(Saved entries)

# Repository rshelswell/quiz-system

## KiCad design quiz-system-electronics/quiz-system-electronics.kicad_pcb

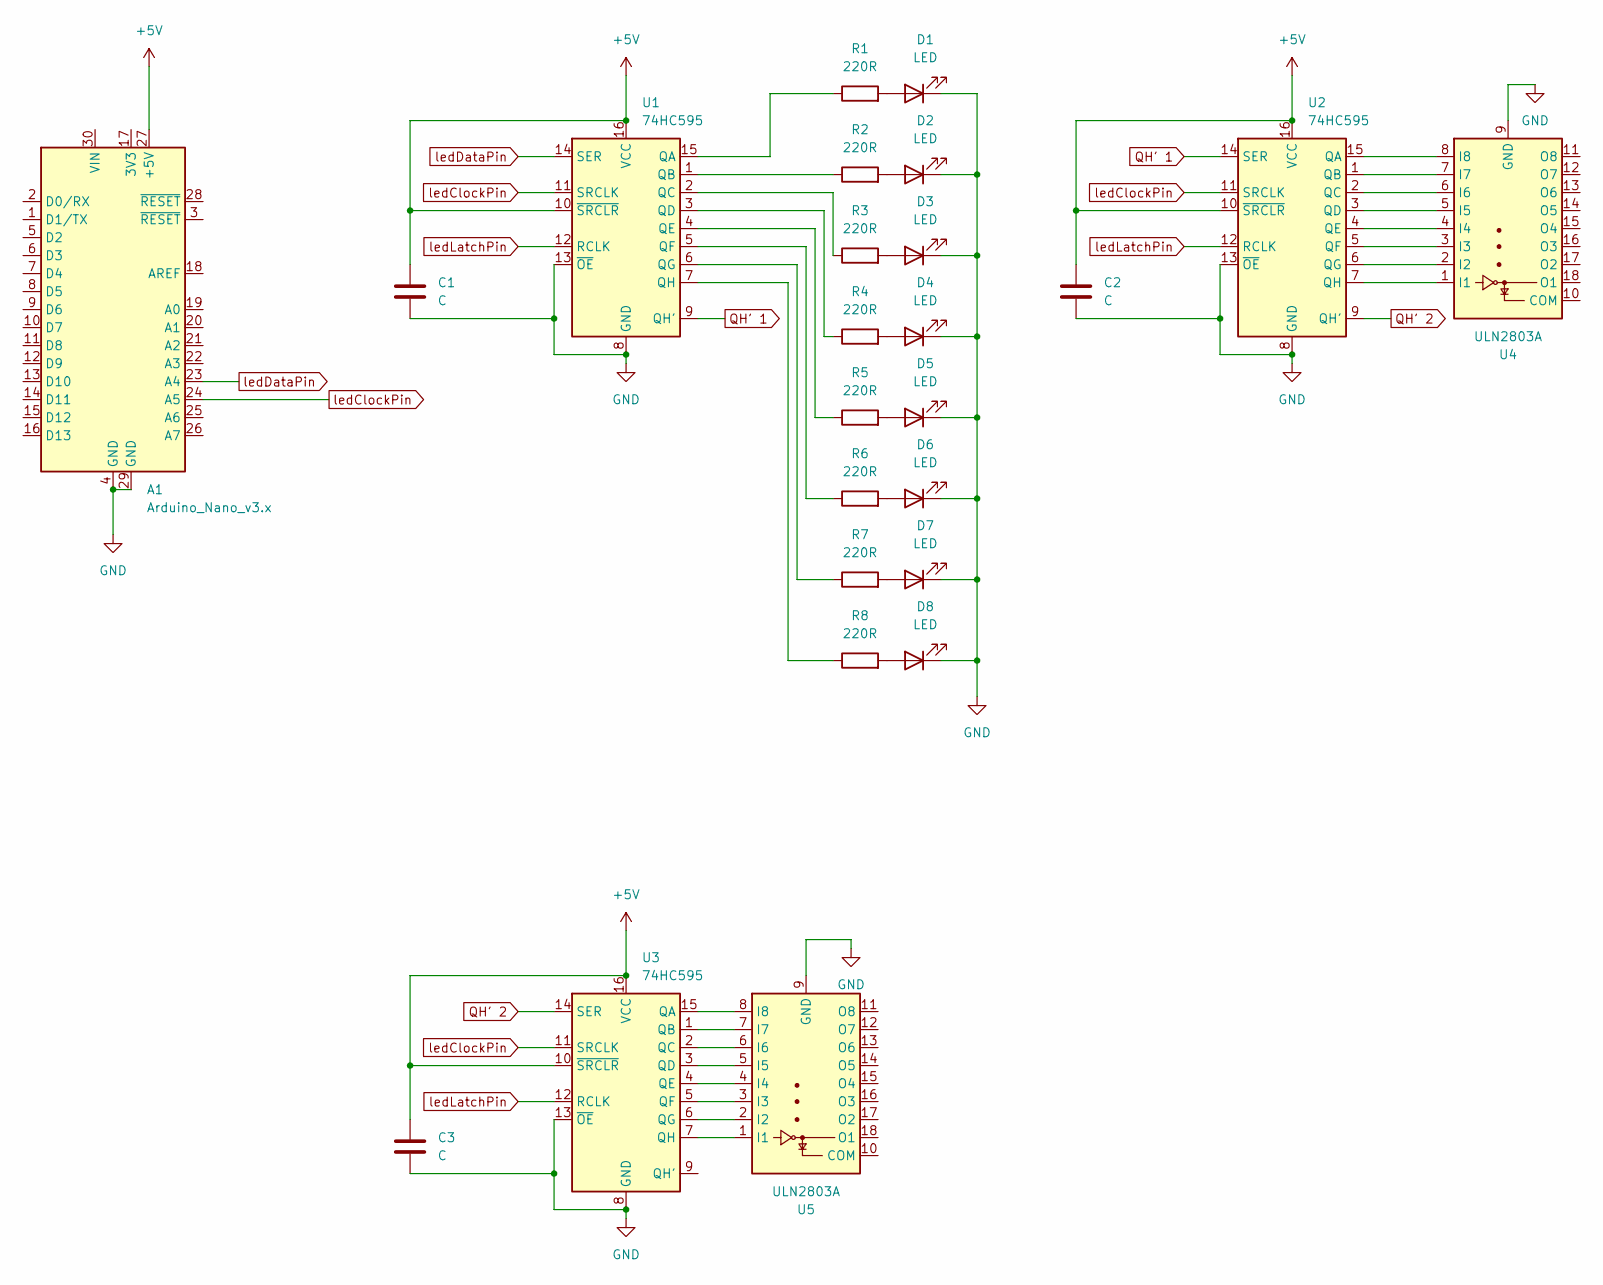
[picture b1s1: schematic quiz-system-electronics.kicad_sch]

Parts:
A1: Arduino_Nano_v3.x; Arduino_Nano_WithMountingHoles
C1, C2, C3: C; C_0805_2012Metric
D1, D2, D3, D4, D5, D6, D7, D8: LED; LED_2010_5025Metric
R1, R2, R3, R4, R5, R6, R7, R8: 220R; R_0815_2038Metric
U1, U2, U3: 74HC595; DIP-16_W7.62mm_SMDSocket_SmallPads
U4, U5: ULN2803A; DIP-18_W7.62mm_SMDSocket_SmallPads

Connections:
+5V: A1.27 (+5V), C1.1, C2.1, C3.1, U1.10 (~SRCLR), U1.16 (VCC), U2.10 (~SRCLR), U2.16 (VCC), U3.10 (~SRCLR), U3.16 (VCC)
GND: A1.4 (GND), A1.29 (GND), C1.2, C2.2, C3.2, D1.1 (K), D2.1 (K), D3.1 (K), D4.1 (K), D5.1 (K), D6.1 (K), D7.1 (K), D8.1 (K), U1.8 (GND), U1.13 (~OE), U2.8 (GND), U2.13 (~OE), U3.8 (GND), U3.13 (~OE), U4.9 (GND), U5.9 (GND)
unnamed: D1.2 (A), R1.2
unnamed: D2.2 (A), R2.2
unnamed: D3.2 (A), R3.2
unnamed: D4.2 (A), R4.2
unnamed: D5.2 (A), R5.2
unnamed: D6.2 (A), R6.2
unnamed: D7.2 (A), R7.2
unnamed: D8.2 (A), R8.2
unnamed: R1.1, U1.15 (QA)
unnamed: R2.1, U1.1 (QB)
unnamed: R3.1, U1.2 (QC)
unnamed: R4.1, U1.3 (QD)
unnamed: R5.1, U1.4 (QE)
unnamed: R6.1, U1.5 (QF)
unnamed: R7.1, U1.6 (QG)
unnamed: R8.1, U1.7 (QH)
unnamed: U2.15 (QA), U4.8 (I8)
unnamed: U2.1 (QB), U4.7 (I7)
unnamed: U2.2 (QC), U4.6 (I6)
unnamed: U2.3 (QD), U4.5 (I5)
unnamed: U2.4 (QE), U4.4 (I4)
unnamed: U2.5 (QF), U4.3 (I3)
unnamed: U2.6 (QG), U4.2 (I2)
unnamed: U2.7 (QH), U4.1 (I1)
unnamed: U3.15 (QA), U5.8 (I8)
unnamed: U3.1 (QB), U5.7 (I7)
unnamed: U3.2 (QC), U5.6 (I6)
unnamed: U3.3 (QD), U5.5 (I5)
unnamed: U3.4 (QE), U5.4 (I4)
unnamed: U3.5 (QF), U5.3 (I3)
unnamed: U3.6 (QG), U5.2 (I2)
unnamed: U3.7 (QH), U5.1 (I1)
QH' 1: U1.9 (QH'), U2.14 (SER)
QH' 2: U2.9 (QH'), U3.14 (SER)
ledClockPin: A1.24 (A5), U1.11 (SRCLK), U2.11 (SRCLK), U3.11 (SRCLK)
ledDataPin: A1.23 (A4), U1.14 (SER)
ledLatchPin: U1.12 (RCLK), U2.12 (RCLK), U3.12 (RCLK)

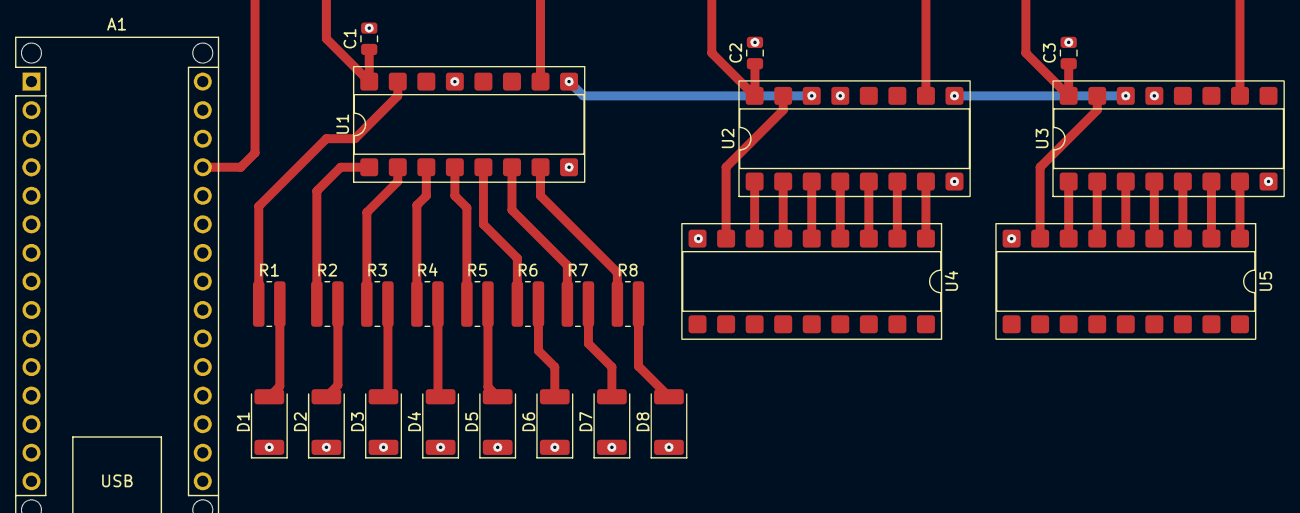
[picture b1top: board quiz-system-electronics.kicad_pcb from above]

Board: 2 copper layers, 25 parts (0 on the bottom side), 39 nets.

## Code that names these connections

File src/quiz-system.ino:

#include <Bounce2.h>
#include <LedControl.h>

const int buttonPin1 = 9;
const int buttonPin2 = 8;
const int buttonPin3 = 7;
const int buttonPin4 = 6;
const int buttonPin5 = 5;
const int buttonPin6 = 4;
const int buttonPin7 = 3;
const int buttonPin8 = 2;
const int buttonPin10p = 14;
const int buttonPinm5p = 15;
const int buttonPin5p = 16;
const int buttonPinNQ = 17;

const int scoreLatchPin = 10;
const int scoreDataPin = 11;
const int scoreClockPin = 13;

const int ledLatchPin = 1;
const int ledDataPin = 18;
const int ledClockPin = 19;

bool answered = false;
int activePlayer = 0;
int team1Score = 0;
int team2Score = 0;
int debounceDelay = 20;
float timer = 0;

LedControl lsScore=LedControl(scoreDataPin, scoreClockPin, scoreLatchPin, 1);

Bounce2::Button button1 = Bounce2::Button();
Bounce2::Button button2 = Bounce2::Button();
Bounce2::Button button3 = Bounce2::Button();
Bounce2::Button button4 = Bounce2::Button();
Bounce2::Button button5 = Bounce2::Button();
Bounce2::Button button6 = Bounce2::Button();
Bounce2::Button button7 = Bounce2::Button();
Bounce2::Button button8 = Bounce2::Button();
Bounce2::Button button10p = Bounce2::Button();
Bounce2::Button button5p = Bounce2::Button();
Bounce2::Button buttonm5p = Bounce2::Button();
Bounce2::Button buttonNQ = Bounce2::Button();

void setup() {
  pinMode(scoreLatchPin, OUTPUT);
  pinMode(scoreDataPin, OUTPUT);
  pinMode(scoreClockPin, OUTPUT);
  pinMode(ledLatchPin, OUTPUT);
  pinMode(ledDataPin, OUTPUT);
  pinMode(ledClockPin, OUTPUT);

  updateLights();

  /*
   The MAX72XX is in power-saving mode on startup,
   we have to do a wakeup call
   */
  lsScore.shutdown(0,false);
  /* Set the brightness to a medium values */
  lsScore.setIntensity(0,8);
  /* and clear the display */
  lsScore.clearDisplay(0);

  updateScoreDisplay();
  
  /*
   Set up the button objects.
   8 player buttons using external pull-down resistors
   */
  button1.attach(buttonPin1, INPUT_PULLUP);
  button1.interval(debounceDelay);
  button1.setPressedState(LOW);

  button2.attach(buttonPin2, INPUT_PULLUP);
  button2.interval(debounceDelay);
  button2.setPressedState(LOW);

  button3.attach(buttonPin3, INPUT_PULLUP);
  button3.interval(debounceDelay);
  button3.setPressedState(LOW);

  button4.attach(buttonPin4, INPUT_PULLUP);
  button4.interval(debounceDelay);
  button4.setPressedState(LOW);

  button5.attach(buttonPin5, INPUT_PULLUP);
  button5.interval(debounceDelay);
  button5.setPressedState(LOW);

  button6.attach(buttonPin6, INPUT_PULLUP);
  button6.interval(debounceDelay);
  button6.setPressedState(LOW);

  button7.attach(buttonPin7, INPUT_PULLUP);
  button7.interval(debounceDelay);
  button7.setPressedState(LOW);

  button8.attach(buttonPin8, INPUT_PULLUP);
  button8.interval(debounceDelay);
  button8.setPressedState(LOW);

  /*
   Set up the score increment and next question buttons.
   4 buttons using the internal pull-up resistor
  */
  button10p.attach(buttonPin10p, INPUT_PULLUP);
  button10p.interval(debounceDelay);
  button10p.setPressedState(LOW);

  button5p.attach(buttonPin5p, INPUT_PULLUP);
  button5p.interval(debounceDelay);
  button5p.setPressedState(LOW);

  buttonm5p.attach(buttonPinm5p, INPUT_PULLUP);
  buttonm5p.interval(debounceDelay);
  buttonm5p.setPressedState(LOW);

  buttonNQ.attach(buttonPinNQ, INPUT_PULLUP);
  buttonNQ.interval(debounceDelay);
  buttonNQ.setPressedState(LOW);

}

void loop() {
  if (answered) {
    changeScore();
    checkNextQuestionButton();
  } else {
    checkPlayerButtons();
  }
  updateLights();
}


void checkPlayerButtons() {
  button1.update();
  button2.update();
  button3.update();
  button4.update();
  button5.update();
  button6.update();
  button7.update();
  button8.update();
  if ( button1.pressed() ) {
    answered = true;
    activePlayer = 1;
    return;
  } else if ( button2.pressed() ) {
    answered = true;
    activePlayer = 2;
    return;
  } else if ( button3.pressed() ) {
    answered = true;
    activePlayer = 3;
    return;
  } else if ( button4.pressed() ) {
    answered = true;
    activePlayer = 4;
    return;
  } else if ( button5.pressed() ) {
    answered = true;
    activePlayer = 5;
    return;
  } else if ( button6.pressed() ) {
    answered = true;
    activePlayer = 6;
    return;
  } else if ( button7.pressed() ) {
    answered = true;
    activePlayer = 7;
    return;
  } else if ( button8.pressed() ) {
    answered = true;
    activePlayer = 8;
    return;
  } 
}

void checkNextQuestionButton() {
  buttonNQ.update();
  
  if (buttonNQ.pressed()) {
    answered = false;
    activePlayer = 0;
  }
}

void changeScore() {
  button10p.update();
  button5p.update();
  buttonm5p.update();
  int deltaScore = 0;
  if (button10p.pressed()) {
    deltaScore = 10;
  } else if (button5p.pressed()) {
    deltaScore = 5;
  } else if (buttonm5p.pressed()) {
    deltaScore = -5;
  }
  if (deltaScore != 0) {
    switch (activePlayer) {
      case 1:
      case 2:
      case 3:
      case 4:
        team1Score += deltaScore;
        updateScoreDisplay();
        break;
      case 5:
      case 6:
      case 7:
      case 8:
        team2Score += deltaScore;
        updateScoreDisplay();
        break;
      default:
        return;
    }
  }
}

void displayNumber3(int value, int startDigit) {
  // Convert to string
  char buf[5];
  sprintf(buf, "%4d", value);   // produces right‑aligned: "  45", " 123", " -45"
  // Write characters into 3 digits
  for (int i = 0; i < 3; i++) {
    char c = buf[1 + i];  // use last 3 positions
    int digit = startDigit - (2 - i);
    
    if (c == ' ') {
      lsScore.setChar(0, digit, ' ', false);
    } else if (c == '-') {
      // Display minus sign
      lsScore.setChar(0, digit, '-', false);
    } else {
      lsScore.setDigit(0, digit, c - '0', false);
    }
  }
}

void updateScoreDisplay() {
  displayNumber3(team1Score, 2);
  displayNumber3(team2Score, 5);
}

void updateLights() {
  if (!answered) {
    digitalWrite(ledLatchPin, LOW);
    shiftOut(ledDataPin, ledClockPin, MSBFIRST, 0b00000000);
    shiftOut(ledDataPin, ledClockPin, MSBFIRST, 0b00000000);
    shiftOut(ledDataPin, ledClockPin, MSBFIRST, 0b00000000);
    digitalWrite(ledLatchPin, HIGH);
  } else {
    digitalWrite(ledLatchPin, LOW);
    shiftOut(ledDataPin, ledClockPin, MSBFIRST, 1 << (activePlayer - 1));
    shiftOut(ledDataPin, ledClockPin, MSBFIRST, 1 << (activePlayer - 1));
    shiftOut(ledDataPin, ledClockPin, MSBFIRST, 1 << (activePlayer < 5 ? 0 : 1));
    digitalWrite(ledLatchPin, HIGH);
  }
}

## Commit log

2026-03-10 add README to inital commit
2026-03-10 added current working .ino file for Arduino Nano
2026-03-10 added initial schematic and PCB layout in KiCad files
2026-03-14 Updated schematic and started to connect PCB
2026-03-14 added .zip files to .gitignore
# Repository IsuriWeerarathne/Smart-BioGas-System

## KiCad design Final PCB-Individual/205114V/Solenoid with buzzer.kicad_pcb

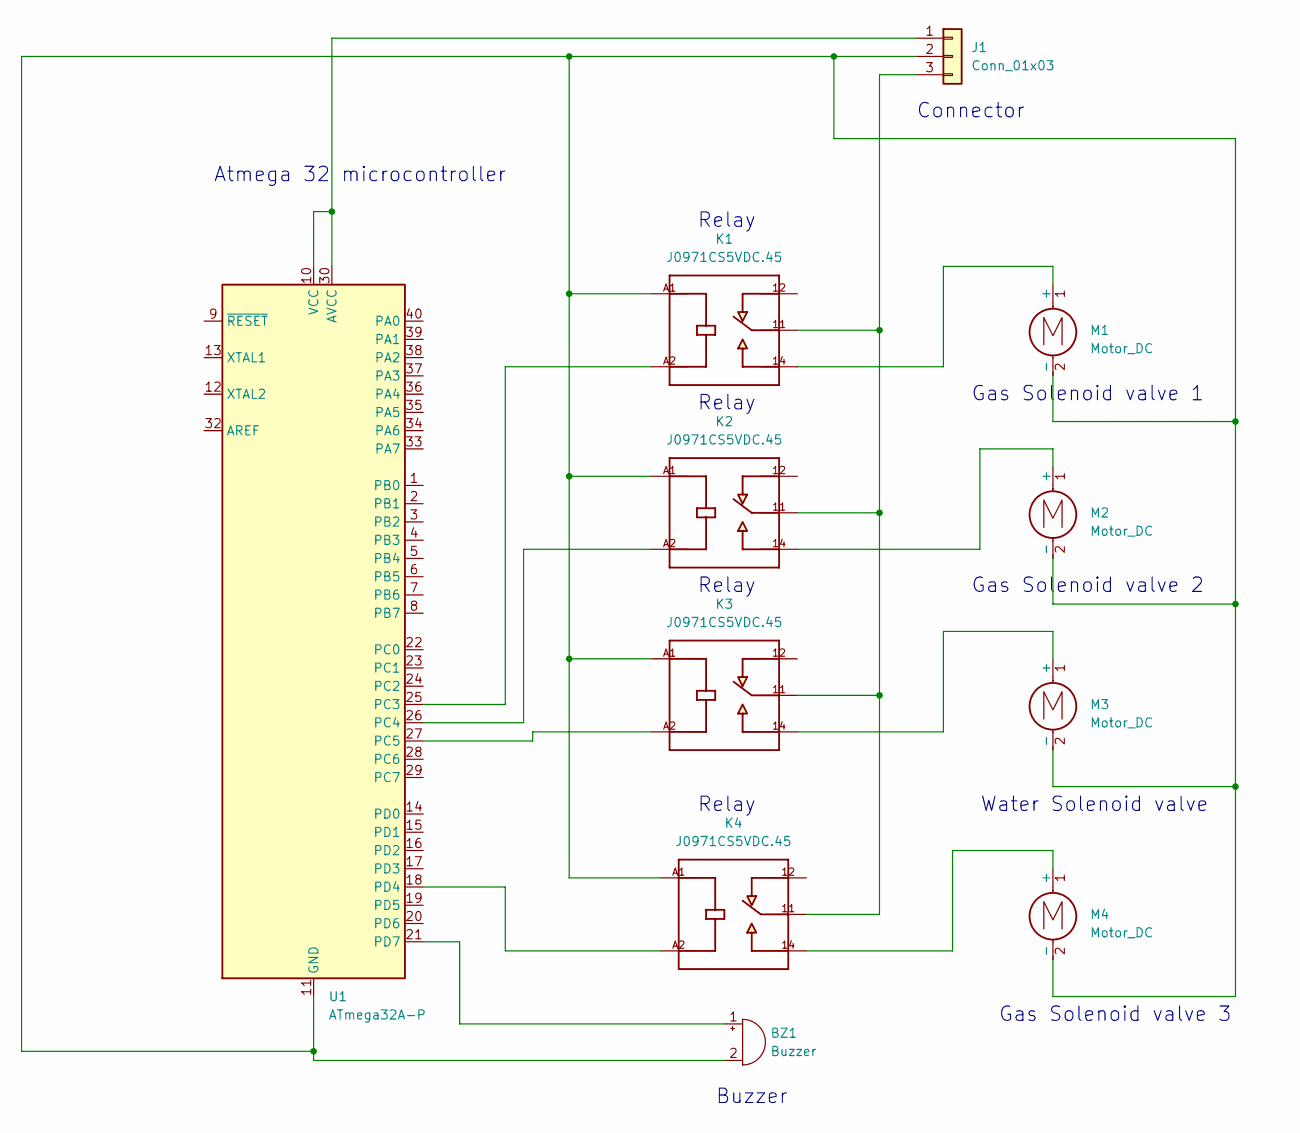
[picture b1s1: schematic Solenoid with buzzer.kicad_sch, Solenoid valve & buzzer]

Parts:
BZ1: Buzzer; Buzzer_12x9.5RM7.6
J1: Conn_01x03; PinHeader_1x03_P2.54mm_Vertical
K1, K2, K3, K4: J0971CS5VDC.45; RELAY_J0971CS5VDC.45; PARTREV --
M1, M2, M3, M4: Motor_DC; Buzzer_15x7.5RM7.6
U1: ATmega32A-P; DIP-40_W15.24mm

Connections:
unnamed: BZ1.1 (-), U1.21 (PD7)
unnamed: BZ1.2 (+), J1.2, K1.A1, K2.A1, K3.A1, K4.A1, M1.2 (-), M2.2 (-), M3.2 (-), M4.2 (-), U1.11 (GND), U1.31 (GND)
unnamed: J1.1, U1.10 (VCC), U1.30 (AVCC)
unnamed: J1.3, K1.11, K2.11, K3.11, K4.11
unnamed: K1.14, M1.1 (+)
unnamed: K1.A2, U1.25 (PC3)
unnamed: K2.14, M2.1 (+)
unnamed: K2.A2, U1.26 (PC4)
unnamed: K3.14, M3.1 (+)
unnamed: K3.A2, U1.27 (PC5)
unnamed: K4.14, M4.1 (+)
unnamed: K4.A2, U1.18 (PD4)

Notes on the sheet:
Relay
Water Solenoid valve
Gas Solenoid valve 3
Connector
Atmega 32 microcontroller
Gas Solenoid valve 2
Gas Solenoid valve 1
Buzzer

Assignment:
Some of the data mentions "scoreLatchPin". Copy every line where it does.

Solution to the exercise:
const int scoreLatchPin = 10;
LedControl lsScore=LedControl(scoreDataPin, scoreClockPin, scoreLatchPin, 1);
  pinMode(scoreLatchPin, OUTPUT);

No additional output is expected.